[ROCm][layer_norm] Use __builtin_amdgcn_rcpf(x) instead of 1.f/x (#165589)

Replace (more) exact calculation with hardware approximation. Benefits: Reduced code size. Improved performance for certain scenarios. Experiments show low reduction in precision. Experiments show no significant performance regressions. bfloat16 as well as float16 related calculations may benefit largely from this change.

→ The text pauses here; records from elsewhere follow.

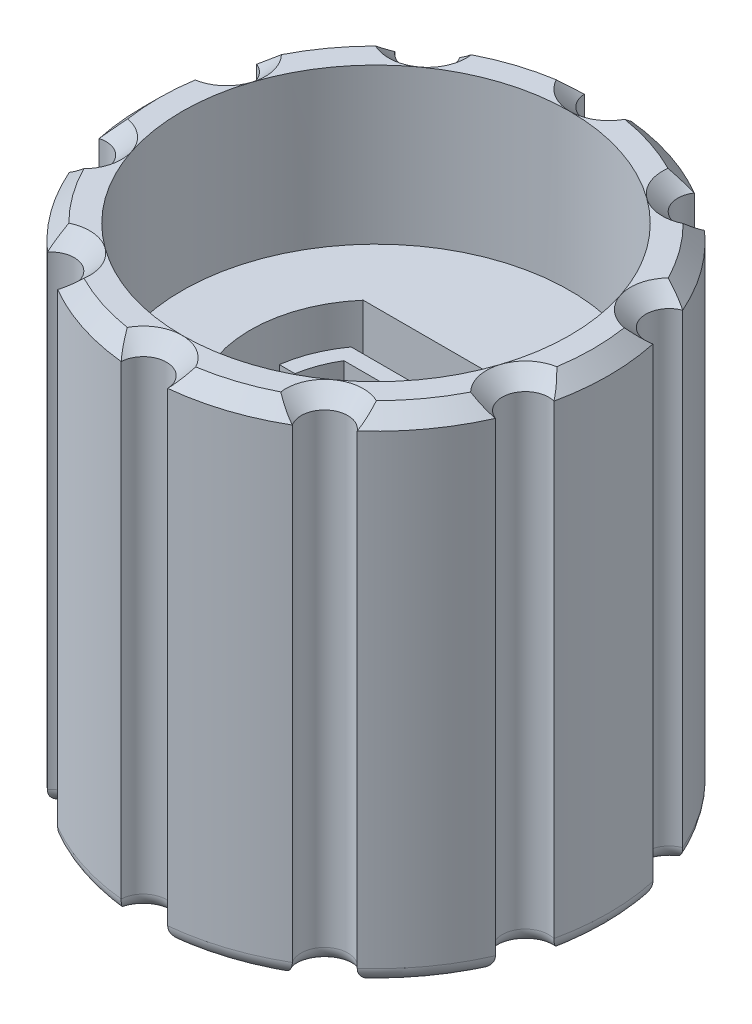
SolidWorks part; units mm, degrees
material "Custom Plastic"
ref_plane "Front Plane" through (0, 0, 0) normal (0, 0, 1) x (1, 0, 0)
ref_plane "Top Plane" through (0, 0, 0) normal (0, 1, 0) x (1, 0, 0)
ref_plane "Right Plane" through (0, 0, 0) normal (1, 0, 0) x (0, 0, -1)
sketch "Sketch1" plane through (0, 0, 0) normal (0, 1, 0) x (1, 0, 0)
  circle A0 centre (0, 0) radius 7.5
  dimension "D1" = 15
extrude "Boss-Extrude1" add sketch "Sketch1" along normal blind 16
sketch "Sketch4" plane through (0, 16, 0) normal (0, 1, 0) x (1, 0, 0)
  line L0 (0, 0) -> (0, -7.5) construction
  line L1 (0, 0) -> (4.4084, -6.0676) construction
  arc A0 (0.7491, -7.4625) -> (-0.7491, -7.4625) centre (0, -7.5) ccw
  circle A1 centre (0, 0) radius 7.5 construction
  circle A2 centre (0, 0) radius 7.5
  arc A3 (-3.7803, -6.4776) -> (-4.9924, -5.597) centre (-4.4084, -6.0676) ccw
  arc A4 (-6.8658, -3.0184) -> (-7.3287, -1.5936) centre (-7.1329, -2.3176) ccw
  arc A5 (-7.3287, 1.5936) -> (-6.8658, 3.0184) centre (-7.1329, 2.3176) ccw
  arc A6 (-4.9924, 5.597) -> (-3.7803, 6.4776) centre (-4.4084, 6.0676) ccw
  arc A7 (-0.7491, 7.4625) -> (0.7491, 7.4625) centre (0, 7.5) ccw
  arc A8 (3.7803, 6.4776) -> (4.9924, 5.597) centre (4.4084, 6.0676) ccw
  arc A9 (6.8658, 3.0184) -> (7.3287, 1.5936) centre (7.1329, 2.3176) ccw
  arc A10 (7.3287, -1.5936) -> (6.8658, -3.0184) centre (7.1329, -2.3176) ccw
  arc A11 (4.9924, -5.597) -> (3.7803, -6.4776) centre (4.4084, -6.0676) ccw
  point P37 (0, 0)
  circle M7 centre (0, 0) radius 7.5
  dimension "D1" = 1.5
  dimension "D3" = 36
  dimension "D2" = 10
extrude "Cut-Extrude3" cut sketch "Sketch4" against normal through all contours A2 A6 | A2 A7 | A2 A8 | A2 A9 | A2 A10 | A2 A11 | A0 M7 | A2 A3 | A2 A4 | A2 A5
chamfer "Chamfer1" distance 0.5 angle 45 20 edges at (-3.9676, 16, 5.4609) (-6.0676, 16, 4.4084) (-6.4196, 16, 2.0859) (-7.5, 16, 0) (-6.4196, 16, -2.0859) (-6.0676, 16, -4.4084) (-3.9676, 16, -5.4609) (-2.3176, 16, -7.1329) (0, 16, -6.75) (2.3176, 16, -7.1329) (3.9676, 16, -5.4609) (6.0676, 16, -4.4084) (6.4196, 16, -2.0859) (7.5, 16, 0) (6.4196, 16, 2.0859) (6.0676, 16, 4.4084) (3.9676, 16, 5.4609) (2.3176, 16, 7.1329) (0, 16, 6.75) (-2.3176, 16, 7.1329)
fillet "Fillet1" radius 0.5 20 edges at (-3.9676, 0, 5.4609) (-2.3176, 0, 7.1329) (0, 0, 6.75) (2.3176, 0, 7.1329) (3.9676, 0, 5.4609) (6.0676, 0, 4.4084) (6.4196, 0, 2.0859) (7.5, 0, 0) (6.4196, 0, -2.0859) (6.0676, 0, -4.4084) (3.9676, 0, -5.4609) (2.3176, 0, -7.1329) (0, 0, -6.75) (-2.3176, 0, -7.1329) (-3.9676, 0, -5.4609) (-6.0676, 0, -4.4084) (-6.4196, 0, -2.0859) (-7.5, 0, 0) (-6.4196, 0, 2.0859) (-6.0676, 0, 4.4084)
sketch "Sketch5" plane through (0, 16, 0) normal (0, 1, 0) x (1, 0, 0)
  line L1 (-3.0627, 2.65) -> (3.0627, 2.65)
  arc A1 (-3.0627, 2.65) -> (3.0627, 2.65) centre (0, 0) ccw
  point P8 (0, -4.05)
  dimension "D1" = 8.1
  dimension "D2" = 6.7
extrude "Cut-Extrude4" cut sketch "Sketch5" against normal blind 14
sketch "Sketch6" plane through (0, 2, 0) normal (0, 1, 0) x (1, 0, 0)
  line L0 (2.9496, 2.15) -> (-2.9496, 2.15)
  line L3 (2.6833, 1.65) -> (-2.6833, 1.65)
  line L4 (-3.6156, 0.5) -> (-3.1101, 0.5)
  line L5 (-3.65, 0) -> (-3.15, 0)
  line L6 (-4.05, 0) -> (4.05, 0) construction
  line L8 (3.1101, 0.5) -> (3.6156, 0.5)
  line L9 (-4.05, 0.5) -> (4.05, 0.5) construction
  line L10 (3.15, 0) -> (3.65, 0)
  arc A0 (-2.9496, 2.15) -> (-3.6156, 0.5) centre (0, 0) ccw
  arc A3 (-2.6833, 1.65) -> (-3.1101, 0.5) centre (0, 0) ccw
  arc A6 (3.6156, 0.5) -> (2.9496, 2.15) centre (0, 0) ccw
  arc A7 (-2.9496, 2.15) -> (2.9496, 2.15) centre (0, 0) ccw construction
  arc A8 (3.1101, 0.5) -> (2.6833, 1.65) centre (0, 0) ccw
  arc A9 (-2.6833, 1.65) -> (2.6833, 1.65) centre (0, 0) ccw construction
  arc A10 (-3.15, 0) -> (3.15, 0) centre (0, 0) ccw
  arc A11 (-3.65, 0) -> (3.65, 0) centre (0, 0) ccw
  dimension "D1" = 3.65
  dimension "D2" = 3.15
  dimension "D5" = 2.15
  dimension "D6" = 0.5
  dimension "D3" = 0.5
  dimension "D4" = 0.5
extrude "Boss-Extrude2" add sketch "Sketch6" along normal blind 8
sketch "Sketch7" plane through (0, 16, 0) normal (0, 1, 0) x (1, 0, 0)
  line L0 (3.0627, 2.65) -> (-3.0627, 2.65) construction
  line L1 (3.0627, 2.65) -> (-3.0627, 2.65)
  circle A0 centre (0, 0) radius 6.25
  arc A1 (-3.0627, 2.65) -> (3.0627, 2.65) centre (0, 0) ccw construction
  arc A2 (-3.0627, 2.65) -> (3.0627, 2.65) centre (0, 0) ccw
  dimension "D1" = 12.5
extrude "Cut-Extrude5" cut sketch "Sketch7" against normal blind 5
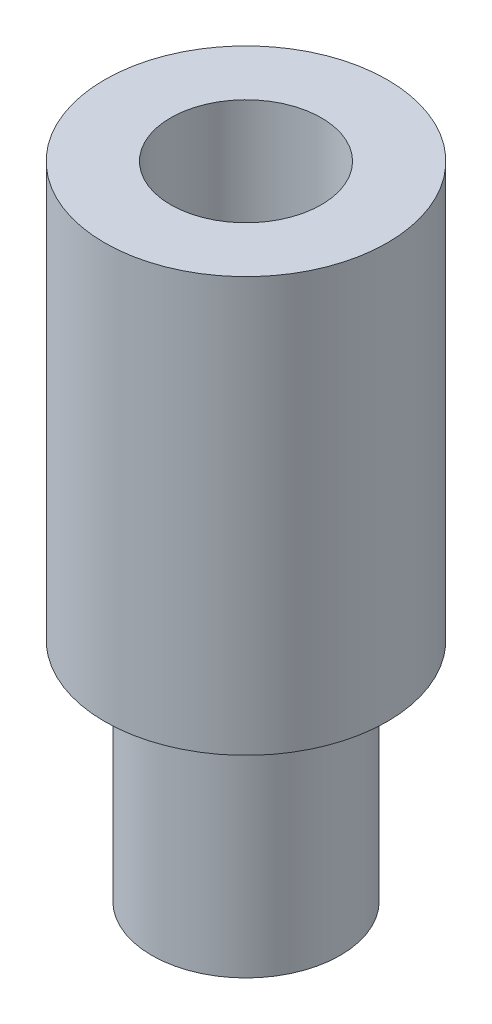
SolidWorks part; units mm, degrees
ref_plane "Front Plane" through (0, 0, 0) normal (0, 0, 1) x (1, 0, 0)
ref_plane "Top Plane" through (0, 0, 0) normal (0, 1, 0) x (1, 0, 0)
ref_plane "Right Plane" through (0, 0, 0) normal (1, 0, 0) x (0, 0, -1)
sketch "Sketch1" plane through (0, 0, 0) normal (0, 1, 0) x (1, 0, 0)
  circle A0 centre (0, 0) radius 1.15
  circle A1 centre (0, 0) radius 5
  dimension "D1" = 2.3
  dimension "D2" = 10
extrude "Boss-Extrude1" add sketch "Sketch1" along normal blind 12
sketch "Sketch2" plane through (0, 12, 0) normal (0, 1, 0) x (1, 0, 0)
  circle A0 centre (0, 0) radius 7.5
  circle A1 centre (0, 0) radius 4
  dimension "D1" = 15
  dimension "D2" = 8
extrude "Boss-Extrude2" add sketch "Sketch2" along normal blind 22
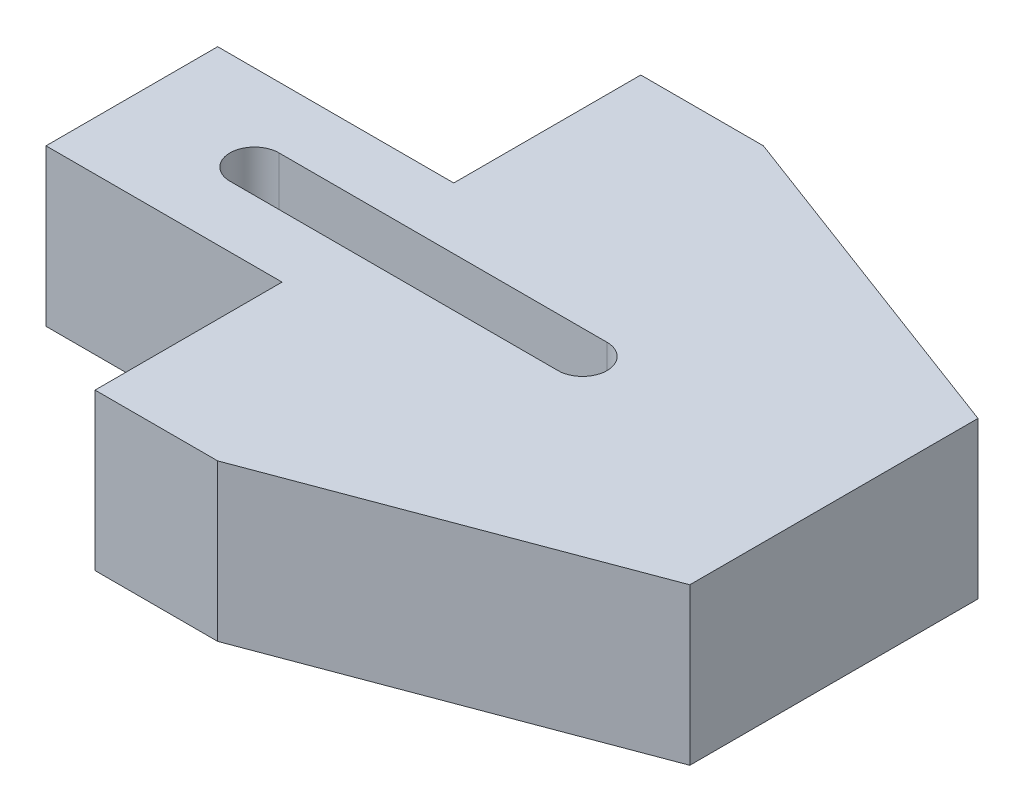
SolidWorks part; units mm, degrees
ref_plane "Front Plane" through (0, 0, 0) normal (0, 0, 1) x (1, 0, 0)
ref_plane "Top Plane" through (0, 0, 0) normal (0, 1, 0) x (1, 0, 0)
ref_plane "Right Plane" through (0, 0, 0) normal (1, 0, 0) x (0, 0, -1)
sketch "Sketch1" plane through (0, 0, 0) normal (0, 1, 0) x (1, 0, 0)
  line L0 (-22.9, 0) -> (-22.9, 2.8)
  line L1 (-22.9, 2.8) -> (-15.2, 2.8)
  line L2 (-15.2, 2.8) -> (-15.2, 8.9)
  line L3 (-15.2, 8.9) -> (-11.2, 8.9)
  line L4 (-11.2, 8.9) -> (0, 4.7)
  line L5 (0, 4.7) -> (0, 0)
  line L6 (0, 0) -> (-22.9, 0)
  point P11 (-22.9, 1.4)
  dimension "D1" = 22.9
  dimension "D2" = 15.2
  dimension "D3" = 2.8
  dimension "D4" = 8.9
  dimension "D5" = 4.7
  dimension "D6" = 4
extrude "Boss-Extrude1" add sketch "Sketch1" along normal mid plane 5.1
mirror "Mirror1" about plane through (0, 0, 0) normal (0, 0, 1) of "Boss-Extrude1"
sketch "Sketch2" plane through (0, 2.55, 0) normal (0, 1, 0) x (1, 0, 0)
  line L0 (-18.9, 0) -> (-8.2, 0) construction
  line L1 (-18.9, 0.8) -> (-8.2, 0.8)
  line L2 (-18.9, -0.8) -> (-8.2, -0.8)
  line L3 (-15.2, 8.9) -> (-15.2, 2.8) construction
  arc A0 (-18.9, 0.8) -> (-18.9, -0.8) centre (-18.9, 0) ccw
  arc A1 (-8.2, -0.8) -> (-8.2, 0.8) centre (-8.2, 0) ccw
  point P2 (-13.55, 0)
  dimension "D1" = 10.7
  dimension "D2" = 1.6
  dimension "D3" = 7
extrude "Cut-Extrude1" cut sketch "Sketch2" against normal through all

Co-author: @mhalk @amd-hhashemi Pull Request resolved: https://github.com/pytorch/pytorch/pull/165589 Approved by: https://github.com/jeffdaily
2025-10-20 12:54:11 +08:00 · 2025-10-17 09:12:27 +00:00
parent 9fe3b2afbe
commit 202f83dc4e
4 changed files with 29 additions and 5 deletions
--- a/setup.py
+++ b/setup.py
@ -156,6 +156,10 @@
 #   USE_ROCM_KERNEL_ASSERT=1
 #     Enable kernel assert in ROCm platform
 #
+#   USE_LAYERNORM_FAST_RECIPROCAL
+#     If set, enables the use of builtin functions for fast reciprocals (1/x) w.r.t.
+#     layer normalization. Default: enabled.
+#
 #   USE_ROCM_CK_GEMM=1
 #     Enable building CK GEMM backend in ROCm platform
 #